_Problem description_
From the records below, return every line containing the word "DIRECTION".

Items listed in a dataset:
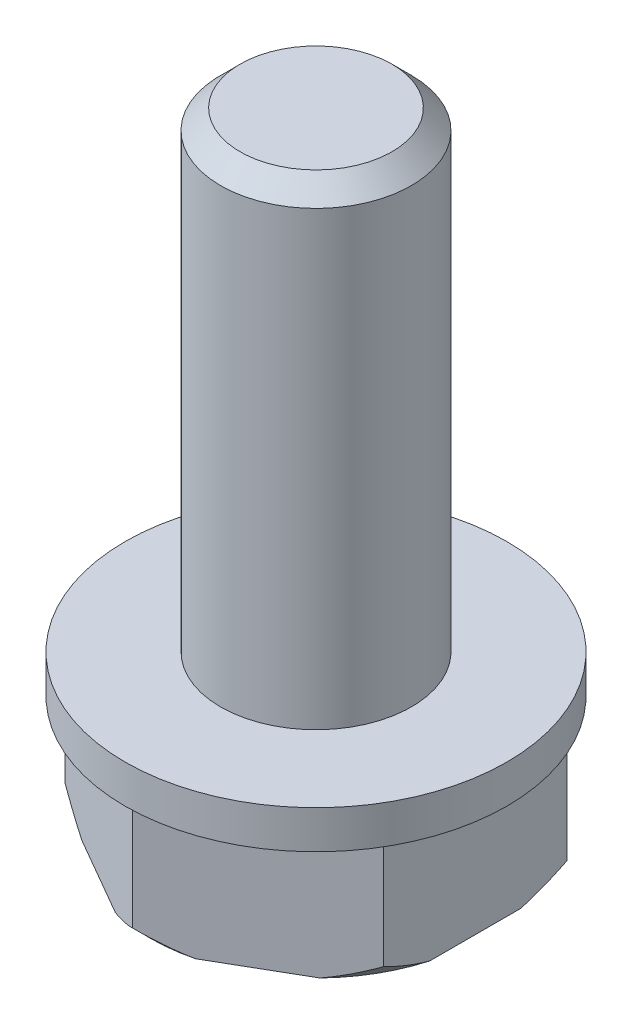
ISO-10303-21;
HEADER;
FILE_DESCRIPTION(('STEP AP214'),'2;1');
FILE_NAME('part.step','',(''),(''),'','','');
FILE_SCHEMA(('AUTOMOTIVE_DESIGN { 1 0 10303 214 1 1 1 1 }'));
ENDSEC;
DATA;
#1=APPLICATION_CONTEXT('core data for automotive mechanical design processes');
#2=APPLICATION_PROTOCOL_DEFINITION('international standard','automotive_design',2000,#1);
#3=PRODUCT_CONTEXT('',#1,'mechanical');
#4=PRODUCT('Part','Part','',(#3));
#5=PRODUCT_RELATED_PRODUCT_CATEGORY('part','',(#4));
#6=PRODUCT_DEFINITION_FORMATION('','',#4);
#7=PRODUCT_DEFINITION_CONTEXT('part definition',#1,'design');
#8=PRODUCT_DEFINITION('design','',#6,#7);
#9=PRODUCT_DEFINITION_SHAPE('','',#8);
#10=(LENGTH_UNIT() NAMED_UNIT(*) SI_UNIT(.MILLI.,.METRE.));
#11=(NAMED_UNIT(*) PLANE_ANGLE_UNIT() SI_UNIT($,.RADIAN.));
#12=(NAMED_UNIT(*) SI_UNIT($,.STERADIAN.) SOLID_ANGLE_UNIT());
#13=UNCERTAINTY_MEASURE_WITH_UNIT(LENGTH_MEASURE(1.E-05),#10,'distance_accuracy_value','');
#14=(GEOMETRIC_REPRESENTATION_CONTEXT(3) GLOBAL_UNCERTAINTY_ASSIGNED_CONTEXT((#13)) GLOBAL_UNIT_ASSIGNED_CONTEXT((#10,
#11,#12)) REPRESENTATION_CONTEXT('',''));
#15=CARTESIAN_POINT('',(0.,0.,0.));
#16=DIRECTION('',(0.,0.,1.));
#17=DIRECTION('',(1.,0.,0.));
#18=AXIS2_PLACEMENT_3D('',#15,#16,#17);
#19=CARTESIAN_POINT('',(-12.6776695296637,96.5,14.7909181837156));
#20=DIRECTION('',(-0.5,0.,0.866025403784439));
#21=DIRECTION('',(0.866025403784439,0.,0.5));
#22=AXIS2_PLACEMENT_3D('',#19,#20,#21);
#23=PLANE('',#22);
#24=DIRECTION('',(0.,-1.,0.));
#25=VECTOR('',#24,1.);
#26=CARTESIAN_POINT('',(-12.6776695296637,96.5,14.7909181837156));
#27=LINE('',#26,#25);
#28=CARTESIAN_POINT('',(-12.6776695296637,50.5,14.7909181837156));
#29=VERTEX_POINT('',#28);
#30=CARTESIAN_POINT('',(-12.6776695296637,47.0735026918963,14.7909181837156));
#31=VERTEX_POINT('',#30);
#32=EDGE_CURVE('E11',#29,#31,#27,.T.);
#33=ORIENTED_EDGE('',*,*,#32,.T.);
#34=CARTESIAN_POINT('',(-13.9407378419784,46.5,14.0616853535958));
#35=CARTESIAN_POINT('',(-13.8888852998626,46.5164440766261,14.091623938227));
#36=CARTESIAN_POINT('',(-13.8372495435169,46.5337687545802,14.1214486324146));
#37=CARTESIAN_POINT('',(-13.7338516018748,46.5702823086314,14.1811796574282));
#38=CARTESIAN_POINT('',(-13.6820943622336,46.5894897238432,14.2110832271335));
#39=CARTESIAN_POINT('',(-13.5783633971793,46.6297670931508,14.2710096812821));
#40=CARTESIAN_POINT('',(-13.5263958373998,46.6508582920278,14.3010289273305));
#41=CARTESIAN_POINT('',(-13.4221600511645,46.6949003649628,14.3612296351021));
#42=CARTESIAN_POINT('',(-13.3698991333133,46.7178745106764,14.3914067018588));
#43=CARTESIAN_POINT('',(-13.2649997798865,46.7656807395659,14.4519664939412));
#44=CARTESIAN_POINT('',(-13.212369709376,46.7905375181192,14.4823441822286));
#45=CARTESIAN_POINT('',(-13.1066617384088,46.8421079012049,14.5433494931069));
#46=CARTESIAN_POINT('',(-13.0535931424491,46.8688470805479,14.5739715894766));
#47=CARTESIAN_POINT('',(-12.9469443837856,46.9241810640024,14.6355096377957));
#48=CARTESIAN_POINT('',(-12.8933743396931,46.9528018406309,14.6664197250956));
#49=CARTESIAN_POINT('',(-12.7856642307774,47.0119007649667,14.7285774640249));
#50=CARTESIAN_POINT('',(-12.7315349477506,47.042404941688,14.7598190718213));
#51=CARTESIAN_POINT('',(-12.6776695296637,47.0735026918963,14.7909181837156));
#52=B_SPLINE_CURVE_WITH_KNOTS('',3,(#34,#35,#36,#37,#38,#39,#40,#41,#42,#43,#44,#45,#46,#47,#48,
#49,#50,#51),.UNSPECIFIED.,.F.,.F.,(4,2,2,2,2,2,2,2,4),(0.,0.186265222277092,0.374595608167035,
0.565412784427951,0.759111232115713,0.956057798253882,1.15659171756843,1.36102506604505,
1.56964356219137),.UNSPECIFIED.);
#53=CARTESIAN_POINT('',(-13.9407378419784,46.5,14.0616853535958));
#54=VERTEX_POINT('',#53);
#55=EDGE_CURVE('E284',#54,#31,#52,.T.);
#56=ORIENTED_EDGE('',*,*,#55,.F.);
#57=DIRECTION('',(0.866025403784439,0.,0.5));
#58=VECTOR('',#57,1.);
#59=CARTESIAN_POINT('',(-11.2776695296637,46.5,15.5992085605811));
#60=LINE('',#59,#58);
#61=CARTESIAN_POINT('',(-16.414601217349,46.5,12.6333996678872));
#62=VERTEX_POINT('',#61);
#63=EDGE_CURVE('E277',#62,#54,#60,.T.);
#64=ORIENTED_EDGE('',*,*,#63,.F.);
#65=CARTESIAN_POINT('',(-17.6776695296637,47.0735026918963,11.9041668377674));
#66=CARTESIAN_POINT('',(-17.6238041996847,47.042404941688,11.9352661022691));
#67=CARTESIAN_POINT('',(-17.5696835321645,47.0119007649667,11.9665226325607));
#68=CARTESIAN_POINT('',(-17.4619982967521,46.9528018406309,12.0287234536614));
#69=CARTESIAN_POINT('',(-17.4084443538709,46.9241810640024,12.0596614290774));
#70=CARTESIAN_POINT('',(-17.3018264613955,46.8688470805479,12.1212529392026));
#71=CARTESIAN_POINT('',(-17.2487726500423,46.8421079012049,12.1519006432619));
#72=CARTESIAN_POINT('',(-17.1430865155724,46.7905375181192,12.2129437760629));
#73=CARTESIAN_POINT('',(-17.090463630552,46.7656807395659,12.2433339099842));
#74=CARTESIAN_POINT('',(-16.9855676354474,46.7178745106764,12.3038995188512));
#75=CARTESIAN_POINT('',(-16.9333030700988,46.6949003649628,12.3340702679571));
#76=CARTESIAN_POINT('',(-16.829049834725,46.6508582920278,12.3942407529346));
#77=CARTESIAN_POINT('',(-16.777068625155,46.6297670931507,12.424236356852));
#78=CARTESIAN_POINT('',(-16.6733053109764,46.5894897238432,12.4841067806739));
#79=CARTESIAN_POINT('',(-16.6215294401272,46.5702823086314,12.5139780801803));
#80=CARTESIAN_POINT('',(-16.5181018842503,46.5337687545802,12.5736578118346));
#81=CARTESIAN_POINT('',(-16.4664550632509,46.5164440766261,12.6034633414798));
#82=CARTESIAN_POINT('',(-16.414601217349,46.5,12.6333996678872));
#83=B_SPLINE_CURVE_WITH_KNOTS('',3,(#65,#66,#67,#68,#69,#70,#71,#72,#73,#74,#75,#76,#77,#78,#79,
#80,#81,#82),.UNSPECIFIED.,.F.,.F.,(4,2,2,2,2,2,2,2,4),(0.,0.208618496146335,0.413051844622961,
0.613585763937521,0.810532330075691,1.00423077776346,1.19504795402437,1.38337833991431,
1.56964356219139),.UNSPECIFIED.);
#84=CARTESIAN_POINT('',(-17.6776695296637,47.0735026918963,11.9041668377674));
#85=VERTEX_POINT('',#84);
#86=EDGE_CURVE('E395',#85,#62,#83,.T.);
#87=ORIENTED_EDGE('',*,*,#86,.F.);
#88=DIRECTION('',(0.,-1.,0.));
#89=VECTOR('',#88,1.);
#90=CARTESIAN_POINT('',(-17.6776695296637,96.5,11.9041668377674));
#91=LINE('',#90,#89);
#92=CARTESIAN_POINT('',(-17.6776695296637,50.5,11.9041668377674));
#93=VERTEX_POINT('',#92);
#94=EDGE_CURVE('E64',#93,#85,#91,.T.);
#95=ORIENTED_EDGE('',*,*,#94,.F.);
#96=DIRECTION('',(-0.866025403784439,0.,-0.5));
#97=VECTOR('',#96,1.);
#98=CARTESIAN_POINT('',(-12.9276695296637,50.5,14.6465806164181));
#99=LINE('',#98,#97);
#100=EDGE_CURVE('E403',#29,#93,#99,.T.);
#101=ORIENTED_EDGE('',*,*,#100,.F.);
#102=EDGE_LOOP('',(#33,#56,#64,#87,#95,#101));
#103=FACE_BOUND('',#102,.T.);
#104=ADVANCED_FACE('F16',(#103),#23,.F.);
#105=CARTESIAN_POINT('',(-12.6776695296637,96.5,20.5644208756118));
#106=DIRECTION('',(-1.,0.,0.));
#107=DIRECTION('',(0.,0.,1.));
#108=AXIS2_PLACEMENT_3D('',#105,#106,#107);
#109=PLANE('',#108);
#110=DIRECTION('',(0.,-1.,0.));
#111=VECTOR('',#110,1.);
#112=CARTESIAN_POINT('',(-12.6776695296637,96.5,20.5644208756118));
#113=LINE('',#112,#111);
#114=CARTESIAN_POINT('',(-12.6776695296637,50.5,20.5644208756118));
#115=VERTEX_POINT('',#114);
#116=CARTESIAN_POINT('',(-12.6776695296637,47.0735026918963,20.5644208756118));
#117=VERTEX_POINT('',#116);
#118=EDGE_CURVE('E433',#115,#117,#113,.T.);
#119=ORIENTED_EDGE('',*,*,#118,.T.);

_Solution for this exercise_
#16=DIRECTION('',(0.,0.,1.));
#17=DIRECTION('',(1.,0.,0.));
#20=DIRECTION('',(-0.5,0.,0.866025403784439));
#21=DIRECTION('',(0.866025403784439,0.,0.5));
#24=DIRECTION('',(0.,-1.,0.));
#57=DIRECTION('',(0.866025403784439,0.,0.5));
#88=DIRECTION('',(0.,-1.,0.));
#96=DIRECTION('',(-0.866025403784439,0.,-0.5));
#106=DIRECTION('',(-1.,0.,0.));
#107=DIRECTION('',(0.,0.,1.));
#110=DIRECTION('',(0.,-1.,0.));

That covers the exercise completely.